▶ **Dataset excerpts**
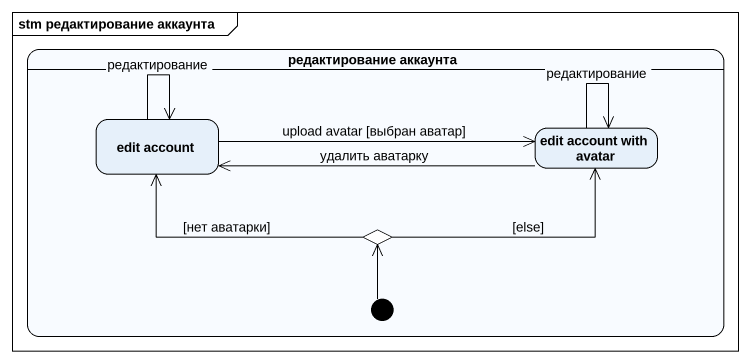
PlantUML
@startuml
mainframe stm редактирование аккаунта
hide empty description
state "редактирование аккаунта" as редактирование_аккаунта {
  state "edit account" as edit_account
  state "edit account with avatar" as edit_account_with_avatar
  state choice1 <<choice>>
  [*] -up-> choice1
}
edit_account --> edit_account : редактирование
edit_account -right-> edit_account_with_avatar : upload avatar [выбран аватар]
edit_account_with_avatar -left-> edit_account : удалить аватарку
edit_account_with_avatar --> edit_account_with_avatar : редактирование
choice1 -left-> edit_account : [нет аватарки]
choice1 -right-> edit_account_with_avatar : [else]
@enduml

▶ **Exercise requirements**
When you print the records above, keep them exact and leave out the pictures.

▶ **Answer box**
PlantUML
@startuml
mainframe stm редактирование аккаунта
hide empty description
state "редактирование аккаунта" as редактирование_аккаунта {
  state "edit account" as edit_account
  state "edit account with avatar" as edit_account_with_avatar
  state choice1 <<choice>>
  [*] -up-> choice1
}
edit_account --> edit_account : редактирование
edit_account -right-> edit_account_with_avatar : upload avatar [выбран аватар]
edit_account_with_avatar -left-> edit_account : удалить аватарку
edit_account_with_avatar --> edit_account_with_avatar : редактирование
choice1 -left-> edit_account : [нет аватарки]
choice1 -right-> edit_account_with_avatar : [else]
@enduml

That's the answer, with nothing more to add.